Internet innovation happens by trying things first then asking for permission later. Obama’s law will change that. For example, a search engine like Google downloads a copy of every website in order to create a search “index”. This sort of thing is grandfathered in, but if “copying the entire website” were a new idea, it would be something made illegal by the new laws. Such copies knowingly get information that website owners don’t intend to make public. Similarly, had hacking laws been around in the 1980s, the founders of Apple might’ve still been in jail today, serving out long sentences for trafficking in illegal access devices.
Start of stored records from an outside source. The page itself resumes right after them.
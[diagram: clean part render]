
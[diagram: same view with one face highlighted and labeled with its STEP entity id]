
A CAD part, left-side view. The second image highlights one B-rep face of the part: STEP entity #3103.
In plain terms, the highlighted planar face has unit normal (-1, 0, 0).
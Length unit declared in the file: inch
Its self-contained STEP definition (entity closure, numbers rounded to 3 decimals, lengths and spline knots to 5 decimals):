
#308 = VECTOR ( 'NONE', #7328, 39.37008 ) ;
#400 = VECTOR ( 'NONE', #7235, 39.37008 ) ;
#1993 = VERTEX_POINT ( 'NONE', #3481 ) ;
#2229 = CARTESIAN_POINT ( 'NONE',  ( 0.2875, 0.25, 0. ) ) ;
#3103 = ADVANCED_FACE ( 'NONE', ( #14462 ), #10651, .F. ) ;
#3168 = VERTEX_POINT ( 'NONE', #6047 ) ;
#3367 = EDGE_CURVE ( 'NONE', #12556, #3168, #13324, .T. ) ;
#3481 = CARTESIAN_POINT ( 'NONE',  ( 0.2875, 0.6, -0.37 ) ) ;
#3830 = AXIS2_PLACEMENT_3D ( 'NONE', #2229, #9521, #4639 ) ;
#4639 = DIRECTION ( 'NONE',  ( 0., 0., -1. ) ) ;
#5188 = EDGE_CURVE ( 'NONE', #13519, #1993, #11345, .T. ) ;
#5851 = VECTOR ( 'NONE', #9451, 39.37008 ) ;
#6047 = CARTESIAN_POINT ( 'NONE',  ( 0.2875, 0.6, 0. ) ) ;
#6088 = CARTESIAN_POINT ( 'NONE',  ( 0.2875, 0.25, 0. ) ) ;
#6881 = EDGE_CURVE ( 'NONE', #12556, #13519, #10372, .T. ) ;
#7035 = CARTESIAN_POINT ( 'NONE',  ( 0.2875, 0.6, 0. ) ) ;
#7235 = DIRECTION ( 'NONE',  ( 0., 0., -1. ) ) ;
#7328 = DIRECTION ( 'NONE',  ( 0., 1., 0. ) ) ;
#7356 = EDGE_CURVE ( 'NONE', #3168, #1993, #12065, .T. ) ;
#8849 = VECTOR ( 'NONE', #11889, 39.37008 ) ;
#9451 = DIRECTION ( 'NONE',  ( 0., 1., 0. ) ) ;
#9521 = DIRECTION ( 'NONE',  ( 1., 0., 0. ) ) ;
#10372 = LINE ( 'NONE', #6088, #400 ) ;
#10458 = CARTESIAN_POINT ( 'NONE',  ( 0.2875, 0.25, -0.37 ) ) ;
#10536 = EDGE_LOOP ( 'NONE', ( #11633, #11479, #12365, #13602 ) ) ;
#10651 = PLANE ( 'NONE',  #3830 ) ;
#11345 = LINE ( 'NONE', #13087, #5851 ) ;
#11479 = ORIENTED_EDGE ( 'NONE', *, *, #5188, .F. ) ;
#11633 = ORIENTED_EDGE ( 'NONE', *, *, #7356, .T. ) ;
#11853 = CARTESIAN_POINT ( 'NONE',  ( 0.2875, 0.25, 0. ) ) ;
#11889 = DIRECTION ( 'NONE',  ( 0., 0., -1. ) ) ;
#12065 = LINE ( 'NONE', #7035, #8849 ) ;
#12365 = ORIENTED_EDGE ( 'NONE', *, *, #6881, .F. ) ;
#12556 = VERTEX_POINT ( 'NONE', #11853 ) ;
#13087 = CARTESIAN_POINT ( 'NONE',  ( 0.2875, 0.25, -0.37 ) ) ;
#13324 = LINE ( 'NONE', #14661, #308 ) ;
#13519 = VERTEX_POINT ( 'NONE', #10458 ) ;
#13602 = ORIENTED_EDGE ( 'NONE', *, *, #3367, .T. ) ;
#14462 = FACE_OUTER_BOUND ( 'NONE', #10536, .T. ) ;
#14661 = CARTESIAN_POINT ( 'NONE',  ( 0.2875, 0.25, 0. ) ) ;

The most important innovators this law would affect are the cybersecurity professionals that protect the Internet. If you cared about things such as “national security” and “cyberterrorism”, then this should be your biggest fear. Because of our knowledge, we do innocent things that look to outsiders like “hacking”. Protecting computers often means attacking them. The more you crack down on hackers, the more of a chilling effect you create in our profession. This creates an open-door for nation-state hackers and the real cybercriminals.

Along with its Hacking Prohibition law, Obama is also proposing a massive Internet Surveillance law. Companies currently monitor their networks, using cybersecurity products like firewalls, IPSs, and anti-virus. Obama wants to strong-arm companies into sharing that information with the government, creating a virtualized or “cloud” surveillance system.

In short, President Obama’s War on Hackers is a bad thing, creating a Cyber Police State. The current laws already overcriminalize innocent actions and allow surveillance of innocent people. We need to roll those laws back, not extend them.